* WORK INSTRUCTIONS
From the records below, copy out exactly the lines from the one containing "A CAD part, left-side" to the one containing "#4414 = VECTOR ( 'NONE', #15966, 39.37008 ) ;", both included. Add nothing else.

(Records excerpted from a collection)
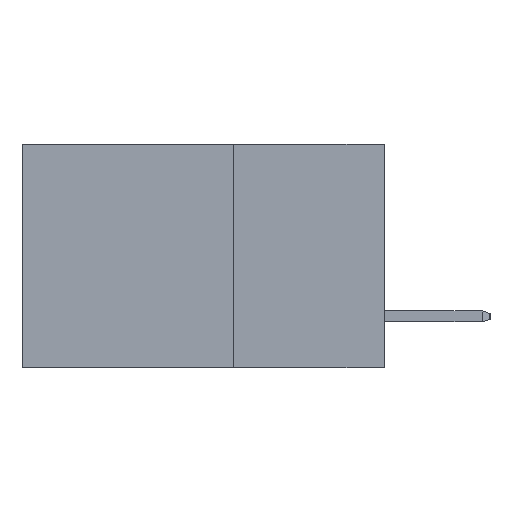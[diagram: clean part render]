
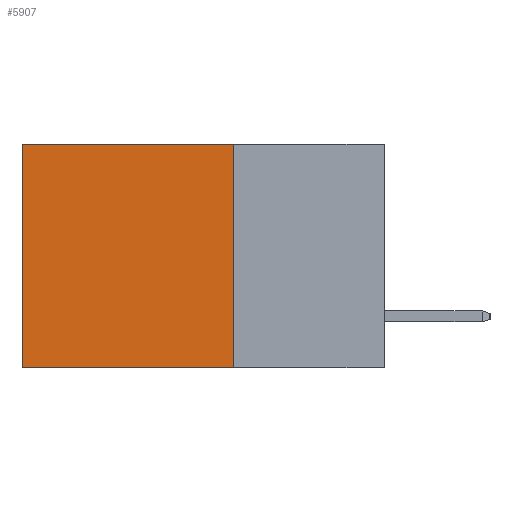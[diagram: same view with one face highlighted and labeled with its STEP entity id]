
A CAD part, left-side view. The second image highlights one B-rep face of the part: STEP entity #5907.
In plain terms, the highlighted planar face has unit normal (-1, 0, 0).
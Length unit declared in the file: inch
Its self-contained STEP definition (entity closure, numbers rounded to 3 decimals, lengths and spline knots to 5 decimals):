
#643 = ORIENTED_EDGE ( 'NONE', *, *, #9747, .T. ) ;
#898 = EDGE_CURVE ( 'NONE', #14666, #3610, #14575, .T. ) ;
#1670 = CARTESIAN_POINT ( 'NONE',  ( 0.298, 0.6, 0. ) ) ;
#1807 = ORIENTED_EDGE ( 'NONE', *, *, #898, .T. ) ;
#2501 = LINE ( 'NONE', #4749, #8684 ) ;
#2522 = LINE ( 'NONE', #15035, #12686 ) ;
#2741 = EDGE_CURVE ( 'NONE', #14666, #12212, #2522, .T. ) ;
#2851 = CARTESIAN_POINT ( 'NONE',  ( 0.298, 0.25, 0. ) ) ;
#3610 = VERTEX_POINT ( 'NONE', #1670 ) ;
#3881 = LINE ( 'NONE', #14484, #6954 ) ;
#4414 = VECTOR ( 'NONE', #15966, 39.37008 ) ;
#4749 = CARTESIAN_POINT ( 'NONE',  ( 0.298, 0.25, -0.37 ) ) ;
#5122 = DIRECTION ( 'NONE',  ( 1., 0., 0. ) ) ;
#5907 = ADVANCED_FACE ( 'NONE', ( #9843 ), #13111, .F. ) ;
#5924 = DIRECTION ( 'NONE',  ( 0., 0., -1. ) ) ;
#6060 = EDGE_LOOP ( 'NONE', ( #643, #10095, #10783, #1807 ) ) ;
#6954 = VECTOR ( 'NONE', #7863, 39.37008 ) ;
#7863 = DIRECTION ( 'NONE',  ( 0., 0., -1. ) ) ;
#8684 = VECTOR ( 'NONE', #15342, 39.37008 ) ;
#8946 = CARTESIAN_POINT ( 'NONE',  ( 0.298, 0.25, -0.37 ) ) ;
#9085 = CARTESIAN_POINT ( 'NONE',  ( 0.298, 0.25, 0. ) ) ;
#9747 = EDGE_CURVE ( 'NONE', #3610, #10347, #3881, .T. ) ;
#9843 = FACE_OUTER_BOUND ( 'NONE', #6060, .T. ) ;
#10095 = ORIENTED_EDGE ( 'NONE', *, *, #12771, .F. ) ;
#10230 = CARTESIAN_POINT ( 'NONE',  ( 0.298, 0.6, -0.37 ) ) ;
#10347 = VERTEX_POINT ( 'NONE', #10230 ) ;
#10783 = ORIENTED_EDGE ( 'NONE', *, *, #2741, .F. ) ;
#11119 = CARTESIAN_POINT ( 'NONE',  ( 0.298, 0.25, 0. ) ) ;
#11156 = AXIS2_PLACEMENT_3D ( 'NONE', #9085, #5122, #14414 ) ;
#12212 = VERTEX_POINT ( 'NONE', #8946 ) ;
#12686 = VECTOR ( 'NONE', #5924, 39.37008 ) ;
#12771 = EDGE_CURVE ( 'NONE', #12212, #10347, #2501, .T. ) ;
#13111 = PLANE ( 'NONE',  #11156 ) ;
#14414 = DIRECTION ( 'NONE',  ( 0., 0., -1. ) ) ;
#14484 = CARTESIAN_POINT ( 'NONE',  ( 0.298, 0.6, 0. ) ) ;
#14575 = LINE ( 'NONE', #11119, #4414 ) ;
#14666 = VERTEX_POINT ( 'NONE', #2851 ) ;
#15035 = CARTESIAN_POINT ( 'NONE',  ( 0.298, 0.25, 0. ) ) ;
#15342 = DIRECTION ( 'NONE',  ( 0., 1., 0. ) ) ;
#15966 = DIRECTION ( 'NONE',  ( 0., 1., 0. ) ) ;

* EXERCISE RESPONSE
A CAD part, left-side view. The second image highlights one B-rep face of the part: STEP entity #5907.
In plain terms, the highlighted planar face has unit normal (-1, 0, 0).
Length unit declared in the file: inch
Its self-contained STEP definition (entity closure, numbers rounded to 3 decimals, lengths and spline knots to 5 decimals):
#643 = ORIENTED_EDGE ( 'NONE', *, *, #9747, .T. ) ;
#898 = EDGE_CURVE ( 'NONE', #14666, #3610, #14575, .T. ) ;
#1670 = CARTESIAN_POINT ( 'NONE',  ( 0.298, 0.6, 0. ) ) ;
#1807 = ORIENTED_EDGE ( 'NONE', *, *, #898, .T. ) ;
#2501 = LINE ( 'NONE', #4749, #8684 ) ;
#2522 = LINE ( 'NONE', #15035, #12686 ) ;
#2741 = EDGE_CURVE ( 'NONE', #14666, #12212, #2522, .T. ) ;
#2851 = CARTESIAN_POINT ( 'NONE',  ( 0.298, 0.25, 0. ) ) ;
#3610 = VERTEX_POINT ( 'NONE', #1670 ) ;
#3881 = LINE ( 'NONE', #14484, #6954 ) ;
#4414 = VECTOR ( 'NONE', #15966, 39.37008 ) ;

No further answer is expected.